Thats insanely stupid logic..


----------



## STOMP (Jan 1, 2003)

NewAgeBaller said:


> Thats insanely stupid logic..


is this necessary? Somebody disagrees with you, so what? Try making your point without being a complete jerk. 

STOMP


----------



## NewAgeBaller (Jan 8, 2007)

STOMP said:


> is this necessary? Somebody disagrees with you, so what? Try making your point without being a complete jerk.
> 
> STOMP


wow how bout we calm down..

I obviously don't think he's "insane" so its obviously somewhat a joke, and I was referring to the logic he used in his post, not attacking the poster.


----------



## GOD (Jun 22, 2003)

NewAgeBaller said:


> Thats insanely stupid logic..


Once in a decade Centers usually add 10 wins in the first year. If Oden really does turn out to be as special as predicted, and as healthy as hoped, I think the Blazers could easily end up with 50 wins. 55+ most likely not, but certainly not out of the realm of possibility. 
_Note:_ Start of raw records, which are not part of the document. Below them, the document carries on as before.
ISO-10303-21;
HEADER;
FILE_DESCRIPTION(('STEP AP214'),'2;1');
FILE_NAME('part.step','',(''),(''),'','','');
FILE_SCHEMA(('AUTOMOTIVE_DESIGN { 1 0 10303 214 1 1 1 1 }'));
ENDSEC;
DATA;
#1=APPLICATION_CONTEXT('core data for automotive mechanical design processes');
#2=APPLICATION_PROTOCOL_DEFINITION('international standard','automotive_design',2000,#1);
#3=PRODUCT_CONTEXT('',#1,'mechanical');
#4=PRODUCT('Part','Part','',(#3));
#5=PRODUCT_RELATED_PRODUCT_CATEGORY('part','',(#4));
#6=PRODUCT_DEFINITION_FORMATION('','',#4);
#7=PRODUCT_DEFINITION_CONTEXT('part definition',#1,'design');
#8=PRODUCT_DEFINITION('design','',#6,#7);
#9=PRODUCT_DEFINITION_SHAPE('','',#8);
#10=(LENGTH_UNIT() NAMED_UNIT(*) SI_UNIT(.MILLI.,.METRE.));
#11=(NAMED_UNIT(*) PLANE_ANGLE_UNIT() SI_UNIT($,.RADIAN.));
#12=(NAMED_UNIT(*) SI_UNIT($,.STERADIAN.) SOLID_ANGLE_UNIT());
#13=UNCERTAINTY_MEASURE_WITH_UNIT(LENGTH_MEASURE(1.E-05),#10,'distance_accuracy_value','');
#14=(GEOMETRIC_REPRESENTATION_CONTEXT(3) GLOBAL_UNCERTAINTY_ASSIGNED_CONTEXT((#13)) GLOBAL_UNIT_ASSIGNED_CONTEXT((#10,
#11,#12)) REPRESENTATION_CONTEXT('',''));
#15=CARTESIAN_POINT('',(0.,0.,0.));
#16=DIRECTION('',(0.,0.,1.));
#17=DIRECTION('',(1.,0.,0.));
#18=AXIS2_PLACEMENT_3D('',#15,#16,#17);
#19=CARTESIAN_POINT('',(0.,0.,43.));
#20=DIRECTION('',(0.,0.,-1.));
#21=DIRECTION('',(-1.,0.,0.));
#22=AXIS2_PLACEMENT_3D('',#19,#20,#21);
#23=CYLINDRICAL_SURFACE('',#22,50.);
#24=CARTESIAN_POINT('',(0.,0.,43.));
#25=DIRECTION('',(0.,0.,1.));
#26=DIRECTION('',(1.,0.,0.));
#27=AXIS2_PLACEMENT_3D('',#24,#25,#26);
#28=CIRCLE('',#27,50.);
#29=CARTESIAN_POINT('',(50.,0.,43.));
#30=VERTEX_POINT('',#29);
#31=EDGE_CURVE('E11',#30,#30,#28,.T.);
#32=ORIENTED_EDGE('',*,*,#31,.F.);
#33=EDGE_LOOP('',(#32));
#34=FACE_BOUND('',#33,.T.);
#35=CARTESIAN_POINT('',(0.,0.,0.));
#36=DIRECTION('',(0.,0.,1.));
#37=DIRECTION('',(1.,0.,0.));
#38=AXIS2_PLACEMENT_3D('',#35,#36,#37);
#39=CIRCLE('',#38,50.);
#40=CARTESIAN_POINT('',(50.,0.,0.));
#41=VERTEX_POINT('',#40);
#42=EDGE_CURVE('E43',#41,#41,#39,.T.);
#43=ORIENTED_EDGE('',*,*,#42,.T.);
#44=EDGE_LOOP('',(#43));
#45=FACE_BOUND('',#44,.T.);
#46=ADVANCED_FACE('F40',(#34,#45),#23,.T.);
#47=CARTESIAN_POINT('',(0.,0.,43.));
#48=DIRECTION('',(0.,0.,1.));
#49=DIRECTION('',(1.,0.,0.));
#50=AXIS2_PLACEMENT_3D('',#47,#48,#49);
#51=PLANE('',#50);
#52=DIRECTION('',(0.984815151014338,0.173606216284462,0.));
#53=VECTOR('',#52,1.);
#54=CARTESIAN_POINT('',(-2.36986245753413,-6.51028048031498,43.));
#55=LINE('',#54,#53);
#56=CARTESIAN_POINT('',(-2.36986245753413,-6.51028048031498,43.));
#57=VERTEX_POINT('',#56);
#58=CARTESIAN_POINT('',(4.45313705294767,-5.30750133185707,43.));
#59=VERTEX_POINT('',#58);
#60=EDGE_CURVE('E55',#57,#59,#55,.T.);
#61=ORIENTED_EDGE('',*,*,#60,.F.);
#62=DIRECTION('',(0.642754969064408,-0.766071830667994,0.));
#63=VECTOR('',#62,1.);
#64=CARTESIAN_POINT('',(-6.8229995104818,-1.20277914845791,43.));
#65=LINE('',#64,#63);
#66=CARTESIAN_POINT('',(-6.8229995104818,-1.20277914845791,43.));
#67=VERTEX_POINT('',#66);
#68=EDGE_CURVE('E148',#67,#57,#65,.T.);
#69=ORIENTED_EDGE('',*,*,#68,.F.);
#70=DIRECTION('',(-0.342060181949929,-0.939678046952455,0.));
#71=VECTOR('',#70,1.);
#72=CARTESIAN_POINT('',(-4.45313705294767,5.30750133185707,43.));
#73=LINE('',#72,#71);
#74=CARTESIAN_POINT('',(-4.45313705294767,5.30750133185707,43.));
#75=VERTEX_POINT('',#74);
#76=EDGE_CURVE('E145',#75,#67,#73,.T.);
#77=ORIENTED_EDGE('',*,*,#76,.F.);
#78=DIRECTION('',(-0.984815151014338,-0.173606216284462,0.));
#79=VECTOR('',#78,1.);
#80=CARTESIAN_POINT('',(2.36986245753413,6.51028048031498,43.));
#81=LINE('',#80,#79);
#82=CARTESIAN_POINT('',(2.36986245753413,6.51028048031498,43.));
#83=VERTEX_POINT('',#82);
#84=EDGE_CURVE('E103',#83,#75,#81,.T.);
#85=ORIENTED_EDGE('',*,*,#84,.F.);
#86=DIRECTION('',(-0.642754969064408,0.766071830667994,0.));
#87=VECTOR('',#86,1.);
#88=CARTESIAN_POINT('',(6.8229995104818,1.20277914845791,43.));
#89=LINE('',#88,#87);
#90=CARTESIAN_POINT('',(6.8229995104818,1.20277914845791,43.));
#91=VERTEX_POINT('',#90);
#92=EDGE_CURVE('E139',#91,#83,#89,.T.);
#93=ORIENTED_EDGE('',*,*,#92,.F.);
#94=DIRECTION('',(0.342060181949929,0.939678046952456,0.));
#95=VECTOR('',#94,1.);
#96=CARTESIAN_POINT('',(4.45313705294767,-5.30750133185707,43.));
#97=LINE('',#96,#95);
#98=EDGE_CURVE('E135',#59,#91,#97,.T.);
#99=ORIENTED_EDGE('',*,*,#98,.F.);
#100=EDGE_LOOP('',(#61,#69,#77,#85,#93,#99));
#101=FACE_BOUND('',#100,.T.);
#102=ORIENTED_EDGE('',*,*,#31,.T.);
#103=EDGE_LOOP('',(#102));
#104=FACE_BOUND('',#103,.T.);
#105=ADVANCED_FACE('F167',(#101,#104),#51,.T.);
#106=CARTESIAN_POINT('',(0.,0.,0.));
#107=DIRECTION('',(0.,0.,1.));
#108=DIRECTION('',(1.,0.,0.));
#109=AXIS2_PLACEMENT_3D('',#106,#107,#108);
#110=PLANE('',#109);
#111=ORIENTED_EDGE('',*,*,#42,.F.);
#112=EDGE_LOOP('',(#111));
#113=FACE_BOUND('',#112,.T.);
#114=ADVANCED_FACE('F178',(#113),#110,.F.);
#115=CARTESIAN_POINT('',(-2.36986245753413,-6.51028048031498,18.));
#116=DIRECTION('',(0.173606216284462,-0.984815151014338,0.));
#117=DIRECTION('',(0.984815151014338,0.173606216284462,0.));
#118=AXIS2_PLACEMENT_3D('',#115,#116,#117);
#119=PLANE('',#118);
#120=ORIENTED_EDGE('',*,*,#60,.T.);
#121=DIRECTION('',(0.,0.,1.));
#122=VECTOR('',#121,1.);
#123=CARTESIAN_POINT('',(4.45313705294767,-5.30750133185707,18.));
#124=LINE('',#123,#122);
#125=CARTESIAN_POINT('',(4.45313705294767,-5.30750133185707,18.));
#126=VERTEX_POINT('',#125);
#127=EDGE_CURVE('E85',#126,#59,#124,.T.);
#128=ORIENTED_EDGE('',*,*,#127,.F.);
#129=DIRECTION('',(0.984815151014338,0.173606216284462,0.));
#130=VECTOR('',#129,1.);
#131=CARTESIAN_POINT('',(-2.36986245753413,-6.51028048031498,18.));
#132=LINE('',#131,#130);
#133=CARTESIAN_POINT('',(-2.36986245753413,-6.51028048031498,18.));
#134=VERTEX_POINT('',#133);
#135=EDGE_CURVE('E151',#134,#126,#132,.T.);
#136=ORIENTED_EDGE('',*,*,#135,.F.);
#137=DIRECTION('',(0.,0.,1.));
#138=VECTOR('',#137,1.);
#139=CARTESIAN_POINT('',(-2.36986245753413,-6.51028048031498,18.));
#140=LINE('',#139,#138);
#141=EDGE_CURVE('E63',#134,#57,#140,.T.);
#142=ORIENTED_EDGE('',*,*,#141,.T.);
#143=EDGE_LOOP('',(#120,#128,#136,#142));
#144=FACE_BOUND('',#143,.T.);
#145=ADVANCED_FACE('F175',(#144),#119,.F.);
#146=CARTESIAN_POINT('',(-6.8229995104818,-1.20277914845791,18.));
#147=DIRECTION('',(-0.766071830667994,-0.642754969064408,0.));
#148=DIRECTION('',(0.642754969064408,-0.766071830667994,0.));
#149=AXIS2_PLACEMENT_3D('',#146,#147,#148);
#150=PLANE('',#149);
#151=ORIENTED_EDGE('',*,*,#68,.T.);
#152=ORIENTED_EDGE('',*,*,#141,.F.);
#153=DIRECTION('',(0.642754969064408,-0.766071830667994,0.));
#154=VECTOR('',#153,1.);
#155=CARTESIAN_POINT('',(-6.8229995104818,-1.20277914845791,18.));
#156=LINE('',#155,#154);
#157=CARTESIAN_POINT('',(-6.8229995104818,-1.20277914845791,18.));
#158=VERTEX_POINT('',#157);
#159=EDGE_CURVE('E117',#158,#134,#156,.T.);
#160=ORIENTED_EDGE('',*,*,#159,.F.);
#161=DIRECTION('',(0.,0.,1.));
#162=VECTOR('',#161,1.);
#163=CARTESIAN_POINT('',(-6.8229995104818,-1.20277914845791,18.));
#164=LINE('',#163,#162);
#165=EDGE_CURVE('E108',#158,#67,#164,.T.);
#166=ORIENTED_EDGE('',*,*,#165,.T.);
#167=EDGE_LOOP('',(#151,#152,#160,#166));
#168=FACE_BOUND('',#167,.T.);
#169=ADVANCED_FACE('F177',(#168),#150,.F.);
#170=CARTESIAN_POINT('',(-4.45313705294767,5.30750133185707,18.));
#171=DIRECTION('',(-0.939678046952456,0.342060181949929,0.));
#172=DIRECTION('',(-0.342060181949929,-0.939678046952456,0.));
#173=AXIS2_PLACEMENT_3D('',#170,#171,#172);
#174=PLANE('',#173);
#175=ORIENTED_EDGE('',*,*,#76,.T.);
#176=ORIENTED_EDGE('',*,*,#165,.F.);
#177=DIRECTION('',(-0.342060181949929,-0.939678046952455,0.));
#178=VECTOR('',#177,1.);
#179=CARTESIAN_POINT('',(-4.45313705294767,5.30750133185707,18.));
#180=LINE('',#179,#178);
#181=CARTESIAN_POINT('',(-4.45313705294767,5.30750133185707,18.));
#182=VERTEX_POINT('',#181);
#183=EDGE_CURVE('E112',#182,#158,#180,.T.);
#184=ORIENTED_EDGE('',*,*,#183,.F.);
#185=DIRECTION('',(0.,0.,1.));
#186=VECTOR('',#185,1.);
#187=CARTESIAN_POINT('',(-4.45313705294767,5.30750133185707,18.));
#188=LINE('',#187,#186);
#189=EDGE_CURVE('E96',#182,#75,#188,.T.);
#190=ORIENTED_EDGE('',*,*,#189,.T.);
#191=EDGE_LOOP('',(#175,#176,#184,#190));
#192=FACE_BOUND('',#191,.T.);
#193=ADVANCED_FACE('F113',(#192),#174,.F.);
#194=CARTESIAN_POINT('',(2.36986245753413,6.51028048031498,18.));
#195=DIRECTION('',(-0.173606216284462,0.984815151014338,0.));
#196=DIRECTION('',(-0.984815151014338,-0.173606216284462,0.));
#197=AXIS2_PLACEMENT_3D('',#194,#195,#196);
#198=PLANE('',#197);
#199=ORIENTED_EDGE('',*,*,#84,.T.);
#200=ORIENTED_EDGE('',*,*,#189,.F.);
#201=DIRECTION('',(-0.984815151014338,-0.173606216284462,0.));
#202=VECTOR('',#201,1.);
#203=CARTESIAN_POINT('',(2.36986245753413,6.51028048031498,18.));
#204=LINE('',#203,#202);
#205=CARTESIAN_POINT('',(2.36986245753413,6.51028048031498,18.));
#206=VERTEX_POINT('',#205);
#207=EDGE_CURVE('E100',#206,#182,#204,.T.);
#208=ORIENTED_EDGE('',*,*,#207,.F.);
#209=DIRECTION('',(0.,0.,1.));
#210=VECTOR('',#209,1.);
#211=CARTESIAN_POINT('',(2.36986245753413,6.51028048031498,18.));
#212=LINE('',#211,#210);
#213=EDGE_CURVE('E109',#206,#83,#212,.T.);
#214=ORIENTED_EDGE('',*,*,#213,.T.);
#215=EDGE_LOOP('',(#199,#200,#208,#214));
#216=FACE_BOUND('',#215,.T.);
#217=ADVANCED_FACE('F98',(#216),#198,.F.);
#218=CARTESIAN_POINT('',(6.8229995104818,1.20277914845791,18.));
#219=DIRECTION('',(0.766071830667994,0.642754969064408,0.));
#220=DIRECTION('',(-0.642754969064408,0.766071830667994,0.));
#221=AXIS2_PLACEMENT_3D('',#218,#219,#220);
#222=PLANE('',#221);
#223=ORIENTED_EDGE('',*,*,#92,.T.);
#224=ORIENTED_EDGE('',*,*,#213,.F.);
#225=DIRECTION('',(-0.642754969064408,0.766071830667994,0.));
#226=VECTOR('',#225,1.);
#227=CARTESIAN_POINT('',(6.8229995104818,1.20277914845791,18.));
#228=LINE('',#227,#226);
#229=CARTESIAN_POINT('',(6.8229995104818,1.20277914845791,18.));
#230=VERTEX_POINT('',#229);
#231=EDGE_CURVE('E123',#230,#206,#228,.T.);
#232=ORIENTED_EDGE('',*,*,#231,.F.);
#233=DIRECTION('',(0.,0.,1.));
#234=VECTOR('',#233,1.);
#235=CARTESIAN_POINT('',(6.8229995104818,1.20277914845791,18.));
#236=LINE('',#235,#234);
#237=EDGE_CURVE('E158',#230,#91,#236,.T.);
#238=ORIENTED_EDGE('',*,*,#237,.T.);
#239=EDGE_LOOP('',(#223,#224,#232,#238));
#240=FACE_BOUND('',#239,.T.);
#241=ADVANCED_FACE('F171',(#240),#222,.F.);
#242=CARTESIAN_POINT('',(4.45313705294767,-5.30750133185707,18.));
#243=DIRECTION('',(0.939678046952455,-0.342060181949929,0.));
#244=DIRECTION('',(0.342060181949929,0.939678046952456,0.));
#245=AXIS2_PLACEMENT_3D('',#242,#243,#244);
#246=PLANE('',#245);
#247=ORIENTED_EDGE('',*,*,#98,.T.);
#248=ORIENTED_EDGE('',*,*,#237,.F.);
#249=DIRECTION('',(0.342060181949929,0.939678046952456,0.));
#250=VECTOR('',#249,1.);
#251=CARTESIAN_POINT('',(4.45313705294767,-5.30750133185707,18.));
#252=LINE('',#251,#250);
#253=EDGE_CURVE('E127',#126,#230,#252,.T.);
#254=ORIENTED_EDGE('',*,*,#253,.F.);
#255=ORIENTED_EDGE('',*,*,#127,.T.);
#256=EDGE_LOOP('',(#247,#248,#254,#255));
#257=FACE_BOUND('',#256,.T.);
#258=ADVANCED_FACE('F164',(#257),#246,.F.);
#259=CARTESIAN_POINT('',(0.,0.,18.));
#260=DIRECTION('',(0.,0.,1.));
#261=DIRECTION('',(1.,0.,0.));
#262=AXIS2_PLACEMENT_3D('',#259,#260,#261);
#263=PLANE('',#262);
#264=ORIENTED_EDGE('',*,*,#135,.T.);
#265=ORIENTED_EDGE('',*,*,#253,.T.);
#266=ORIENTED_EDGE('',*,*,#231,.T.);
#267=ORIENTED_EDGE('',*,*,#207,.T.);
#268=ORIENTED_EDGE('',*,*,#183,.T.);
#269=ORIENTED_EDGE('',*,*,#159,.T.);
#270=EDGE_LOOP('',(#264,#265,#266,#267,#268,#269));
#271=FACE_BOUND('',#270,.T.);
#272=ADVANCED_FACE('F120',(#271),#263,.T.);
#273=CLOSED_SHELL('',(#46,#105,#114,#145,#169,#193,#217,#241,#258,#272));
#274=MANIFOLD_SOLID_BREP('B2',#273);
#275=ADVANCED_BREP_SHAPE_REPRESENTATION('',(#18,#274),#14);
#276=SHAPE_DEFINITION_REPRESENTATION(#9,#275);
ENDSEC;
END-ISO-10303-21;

Many think that Rudy, if he were to be in this years draft would be a top 5 pick. Personally, I think he would be 2nd or 3rd. So adding a once in a decade Big man and a 3rd pick and a 13th pick, or some Vet instead of the 13th and a role player or two, could really turn the Blazers into a very powerful team very quickly. 

My personal estimate is 50 wins next year.


----------



## Dan (Dec 30, 2002)

The Warriors aren't that much better (record wise) than Portland. 

The only "locks" really for next year is San Antonio. The rest can have injury issues.

Certain teams seem to be better off, in regards to their chances (Lakers, Jazz, Hornets, Mavs) but the rest are still an iffy situation. The Rockets this year, for all their winning streak, is still only 4 games from being out of the playoffs (actually, it's quite amazing how close each of the 8 teams are to each other. 8th place? 24 losses...1st place? 20).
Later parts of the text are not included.